To be fair Guh said "many" not a majority, not a large percentage, etc. Even 1-2% is on the order of 1000-2000 docs. If we take the higher estimate of the docs that use OMT regularly (5%), its on the order of 4500.
It is significantly skewed based on specialty. I mean the only people really doing OMT regularly are the OMM/NMM specialties (I actually believe they are ACGME specialties now, since they have a residency review committee on the ACGME), PM&R docs (I actually know plenty of DOs and even some MDs in this field that use it as first-line therapy), and a percentage of FM docs (I've noticed this is very regionally based, any family practice in my area with >2 DOs has OMT clinic hours, but in other areas it's hard to find).
Anyway, my point is that its not an outrageous concept that you could both be correct, as long as you lay off the extremes. The DO population is sufficiently diverse, and many DOs do use OMT, that doesn't make their opinion less important. And as for the large majority of DOs that would never dream of using it, that really doesn't make them "MD wannabes". They are DO physicians as much as the rest, and as physicians they are capable of discerning what method of treatment they should utilize at a given time without med students (yeah all 3 of us) saying what is and isn't acceptable.
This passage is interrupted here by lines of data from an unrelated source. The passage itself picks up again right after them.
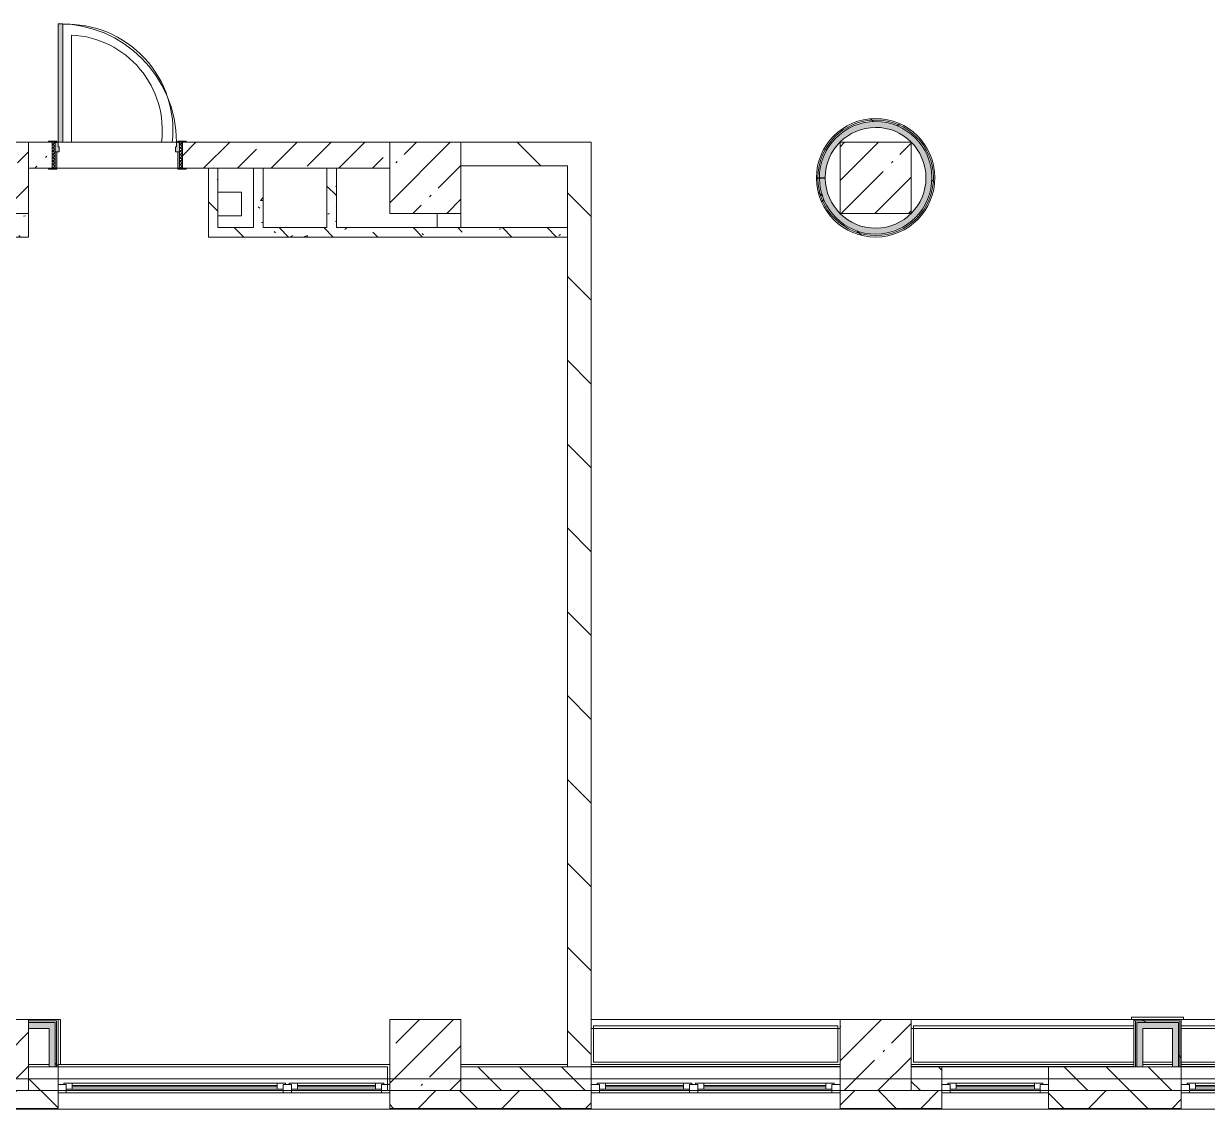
# Model space of a CAD drawing. Header units: millimetres. Extents: x 35146 to 234858, y -8553 to 29000.
# Drawn here: x 131794 to 141784, y -258 to 8900 of the extents above; entities that cross this region are included whole.
import ezdxf

# ---------------------------------------------------------------- set-up
doc = ezdxf.new("R2010")
doc.units = ezdxf.units.MM
for name, color, linetype, lineweight, true_color in [('A-DOOR-1', 7, 'Continuous', 5, 0xaaaaaa), ('A-DOOR-2', 7, 'Continuous', 5, 0xe2e2e2), ('A-DOOR-FRAM-1', 7, 'Continuous', 5, 0xe2e2e2), ('A-DOOR-FRAM-2', 7, 'Continuous', 5, 0xaaaaaa), ('A-FLOR-1', 7, 'Continuous', 5, 0xaaaaaa), ('I-WALL-1', 7, 'Continuous', 5, 0xe7e7e7), ('I-WALL-5', 7, 'Continuous', 5, 0x787878)]:
    doc.layers.add(name, color=color, linetype=linetype, lineweight=lineweight, true_color=true_color)
for name, color, linetype, lineweight in [('A-GLAZ-2', 7, 'Continuous', 5), ('A-WALL', 7, 'Continuous', 9), ('A-WALL-4', 7, 'Continuous', 5), ('I-WALL-3', 7, 'Continuous', 5), ('S-COLS-1', 7, 'Continuous', 5), ('Оси', 7, 'Continuous', 9)]:
    doc.layers.add(name, color=color, linetype=linetype, lineweight=lineweight)
pattern_1 = [(135, (105674.2, 0), (-353.553, -353.553), [])]
pattern_2 = [(135, (105674.2, 0), (-176.7767, -176.7767), [])]
pattern_3 = [(135, (105674.2, 0), (-377.171, -377.171), [533.4, -88.9, 17.78, -88.9]), (135, (105674.2, 376.94), (-377.171, -377.171), []), (50, (105674.2, 0), (637.6445, -55.787), [66.675, -733.425]), (355, (105674.2, 0), (-123.35, 668.699), [53.34, -586.74]), (100.451, (105727.3, -4.65), (514.299, 612.908), [56.665, -623.315]), (46.184, (105674.2, 177.8), (948.776, -147.15), [100.012, -1100.137]), (96.636, (105753.3, 165.5), (830.91, 865.997), [84.998, -934.973]), (351.184, (105674.2, 177.8), (830.918, 865.988), [80.01, -880.11]), (21, (105763.1, 133.35), (530.651, -357.928), [66.675, -733.425]), (326, (105763.1, 133.35), (216.308, 644.658), [53.34, -586.74]), (71.451, (105807.3, 103.5), (746.96, 286.724), [56.665, -623.315]), (37.5, (105674.2, 0), (10.8105, 295.9426), [16.764, -562.864, 16.764, -578.866, -588.962]), (37.5, (105674.2, 0), (10.8105, 295.9426), [-1175.258, 16.764, -572.198]), (7.5, (105674.2, 0), (233.869, 350.6318), [16.764, -322.834, 16.764, -549.529, -224.472]), (7.5, (105674.2, 0), (233.869, 350.6318), [-905.891, 16.764, -207.708]), (327.5, (105475.94, 0), (474.5678, -20.0513), [16.764, -205.486, 16.764, -676.656, -920.115]), (327.5, (105475.94, 0), (474.5678, -20.0513), [-915.67, 16.764, -903.351]), (317.5, (105387.04, 0), (518.452, 88.9934), [16.764, -272.161, 16.764, -443.738, -653.415]), (317.5, (105387.04, 0), (518.452, 88.9934), [-749.427, 16.764, -636.651])]
pattern_4 = [(45, (105674.2, 0), (-530.33, 530.33), []), (135, (105674.2, 0), (-530.33, -530.33), [])]

# ---------------------------------------------------------------- blocks, each defined once
blk = doc.blocks.new('BSC_Колонна _Прямоугольная - 600х600-23286269-2_5_2_птичка')
at = {"layer": 'S-COLS-1'}
h = blk.add_hatch(dxfattribs=at)
h.set_pattern_fill('FP_69', color=256, style=0, pattern_type=2)
h.set_pattern_definition([(45, (-29509.74, -7600), (-285.123, 285.123), []), (45, (-29224.6, -7600), (-285.123, 285.123), [504.031, -100.806, 16.764, -84.042])])
h.paths.add_polyline_path([(-300, -300), (300, -300), (300, 300), (-300, 300)])
for p, q in [((300, 300), (-300, 300)), ((-300, 300), (-300, -300)), ((300, -300), (300, 300)), ((-300, -300), (300, -300))]:
    blk.add_line(p, q, dxfattribs=at)
blk = doc.blocks.new('BSC_Колонна _Прямоугольная - 600х600-V41-2_5_2_птичка')
at = {"layer": 'S-COLS-1'}
h = blk.add_hatch(dxfattribs=at)
h.set_pattern_fill('FP_75', color=256, style=0, pattern_type=2)
h.set_pattern_definition([(45, (-25860, -200), (-285.123, 285.123), []), (45, (-25574.88, -200), (-285.123, 285.123), [504.031, -100.806, 16.764, -84.042])])
h.paths.add_polyline_path([(-105.1, -300), (300, -300), (300, 300), (-300, 300), (-300, -300)])
for p, q in [((300, 300), (-300, 300)), ((-300, 300), (-300, -300)), ((300, -300), (300, 300)), ((-300, -300), (300, -300))]:
    blk.add_line(p, q, dxfattribs=at)
blk = doc.blocks.new('BSC_Колонна _Прямоугольная - 600х600-V42-2_5_2_птичка')
at = {"layer": 'S-COLS-1'}
h = blk.add_hatch(dxfattribs=at)
h.set_pattern_fill('FP_76', color=256, style=0, pattern_type=2)
h.set_pattern_definition([(45, (-29509.74, -200), (-285.123, 285.123), []), (45, (-29224.6, -200), (-285.123, 285.123), [504.031, -100.806, 16.764, -84.042])])
h.paths.add_polyline_path([(-300, -300), (300, -300), (300, 300), (-300, 300)])
for p, q in [((300, 300), (-300, 300)), ((-300, 300), (-300, -300)), ((300, -300), (300, 300)), ((-300, -300), (300, -300))]:
    blk.add_line(p, q, dxfattribs=at)
blk = doc.blocks.new('BSC_Колонна _Прямоугольная - 600х600-V54-2_5_2_птичка')
at = {"layer": 'S-COLS-1'}
h = blk.add_hatch(dxfattribs=at)
h.set_pattern_fill('FP_92', color=256, style=0, pattern_type=2)
h.set_pattern_definition([(45, (-25860, -7600), (-285.123, 285.123), []), (45, (-25574.88, -7600), (-285.123, 285.123), [504.031, -100.806, 16.764, -84.042])])
h.paths.add_polyline_path([(-300, -300), (300, -300), (300, 300), (-300, 300), (-300, 150.3)])
for p, q in [((300, 300), (-300, 300)), ((-300, 300), (-300, -300)), ((300, -300), (300, 300)), ((-300, -300), (300, -300))]:
    blk.add_line(p, q, dxfattribs=at)
blk = doc.blocks.new('BSC_Колонна _Прямоугольная - 600х600-V71-2_5_2_птичка')
at = {"layer": 'S-COLS-1'}
h = blk.add_hatch(dxfattribs=at)
h.set_pattern_fill('FP_116', color=256, style=0, pattern_type=2)
h.set_pattern_definition([(45, (-33310, -7600), (-285.123, 285.123), []), (45, (-33024.88, -7600), (-285.123, 285.123), [504.031, -100.806, 16.764, -84.042])])
h.paths.add_polyline_path([(-135, -300), (300, -300), (300, 300), (-300, 300), (-300, -300)])
for p, q in [((300, 300), (-300, 300)), ((-300, 300), (-300, -300)), ((300, -300), (300, 300)), ((-300, -300), (300, -300))]:
    blk.add_line(p, q, dxfattribs=at)
blk = doc.blocks.new('BSC_Колонна _Прямоугольная - 600х600-V72-2_5_2_птичка')
at = {"layer": 'S-COLS-1'}
h = blk.add_hatch(dxfattribs=at)
h.set_pattern_fill('FP_117', color=256, style=0, pattern_type=2)
h.set_pattern_definition([(45, (-33310, -200), (-285.123, 285.123), []), (45, (-33024.88, -200), (-285.123, 285.123), [504.031, -100.806, 16.764, -84.042])])
h.paths.add_polyline_path([(-300, -300), (300, -300), (300, 300), (-300, 300)])
for p, q in [((300, 300), (-300, 300)), ((-300, 300), (-300, -300)), ((300, -300), (300, 300)), ((-300, -300), (300, -300))]:
    blk.add_line(p, q, dxfattribs=at)
blk = doc.blocks.new('120_Окно_СКБ_2Ст - 120_Окно_СКБ_2Ст 2100х2400 _мал створка справа_-22446225-2_5_2_птичка')
at = {"layer": 'A-GLAZ-2'}
for p, q in [((-1050, -127), (-1050, -57)), ((-1050, -57), (-980, -57)), ((1050, -57), (-1050, -57)), ((-980, -57), (-980, -127)), ((150, -87), (-980, -87)), ((-980, -87), (-980, -127)), ((-930, -137), (-930, -87)), ((100, -137), (100, -87)), ((150, -127), (150, -57)), ((150, -57), (220, -57)), ((150, -127), (150, -87)), ((220, -57), (220, -127)), ((980, -87), (220, -87)), ((220, -87), (220, -127)), ((270, -137), (270, -87)), ((930, -137), (930, -87)), ((980, -127), (980, -57)), ((980, -57), (1050, -57)), ((980, -127), (980, -87)), ((1050, -57), (1050, -127)), ((-980, -127), (-1050, -127)), ((-1050, -127), (-1000, -127)), ((-980, -127), (-1000, -127)), ((-1000, -127), (-1000, -137)), ((-1000, -137), (170, -137)), ((170, -137), (-1000, -137)), ((-930, -107), (100, -107)), ((100, -117), (-930, -117)), ((220, -127), (150, -127)), ((170, -127), (150, -127)), ((170, -127), (200, -127)), ((170, -137), (170, -127)), ((220, -127), (200, -127)), ((200, -127), (200, -137)), ((200, -137), (1000, -137)), ((1000, -137), (200, -137)), ((270, -107), (930, -107)), ((930, -117), (270, -117)), ((1050, -127), (980, -127)), ((1000, -127), (980, -127)), ((1000, -127), (1050, -127)), ((1000, -137), (1000, -127))]:
    blk.add_line(p, q, dxfattribs=at)
blk = doc.blocks.new('110_Дверь_СКБ_1Ст_Внутренняя1 - Д-4к_п__1100x2100h_Артистические EI30-V123-2_5_2_птичка')
at = {"layer": 'A-DOOR-1'}
h = blk.add_hatch(dxfattribs=at)
h.set_pattern_fill('FP_126', color=256, style=0, pattern_type=2)
h.set_pattern_definition([(135, (1751.41, 174.685), (-14.14214, -14.14214), []), (225, (1751.41, 174.685), (14.14214, -14.14214), [])])
h.paths.add_polyline_path([(562.5, -110), (562.5, 110), (537.5, 110), (537.5, -110)])
at = {"layer": 'A-DOOR-2'}
h = blk.add_hatch(color=256, dxfattribs=at)
h.paths.add_polyline_path([(537.5, 30), (537.5, 110), (512.5, 110), (512.5, 70), (502.5, 70), (502.5, 30)])
h.paths.add_polyline_path([(-477.5, 30), (-477.5, 70), (-487.5, 70), (-487.5, 110), (-512.5, 110), (-512.5, 30)])
at = {"layer": 'A-DOOR-FRAM-1'}
for points in [[(-447.5, 110), (-447.5, 1110), (-487.5, 1110), (-487.5, 110)], [(-497.5, 110), (-497.5, 118), (-567.5, 118), (-567.5, 110)], [(592.5, 110), (592.5, 118), (522.5, 118), (522.5, 110)], [(-497.5, -110), (-497.5, 30), (-512.5, 30), (-512.5, -110)], [(537.5, -110), (537.5, 30), (522.5, 30), (522.5, -110)], [(-497.5, -118), (-497.5, -110), (-567.5, -110), (-567.5, -118)], [(592.5, -118), (592.5, -110), (522.5, -110), (522.5, -118)]]:
    blk.add_hatch(color=256, dxfattribs=at).paths.add_polyline_path(points)
at = {"layer": 'A-DOOR-FRAM-2'}
h = blk.add_hatch(dxfattribs=at)
h.set_pattern_fill('FP_127', color=256, style=0, pattern_type=2)
h.set_pattern_definition([(45, (-371.384, 174.685), (-14.1421, 14.1421), []), (135, (-371.384, 174.685), (-14.1421, -14.1421), [])])
h.paths.add_polyline_path([(-512.5, -110), (-512.5, 110), (-537.5, 110), (-537.5, -110)])
at = {"layer": 'A-DOOR-1'}
for p, q in [((-487.5, 1110), (-487.5, 110)), ((-447.5, 1110), (-487.5, 1110)), ((-447.5, 110), (-447.5, 1110)), ((-487.5, 110), (-447.5, 110))]:
    blk.add_line(p, q, dxfattribs=at)
blk.add_arc((-487.5, 110), 1000, 360, 90, dxfattribs=at)
at = {"layer": 'A-DOOR-FRAM-2'}
for p, q in [((-497.5, 118), (-567.5, 118)), ((-567.5, 118), (-567.5, 110)), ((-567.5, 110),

I'm reminded of a question I had in OPP last year from my professor who clearly uses it on a regular basis. The question described an emergent clinical scenario with a number of answers, some that were unnecessarily invasive, multiple were OMT answers, and one answer that would be the normal medical thing to do. A lot of people got the question wrong, because it was OPP, so they assumed the answer must have been some form of OMT. It wasn't. Stabilize the patient, and if it's beneficial then do OMT.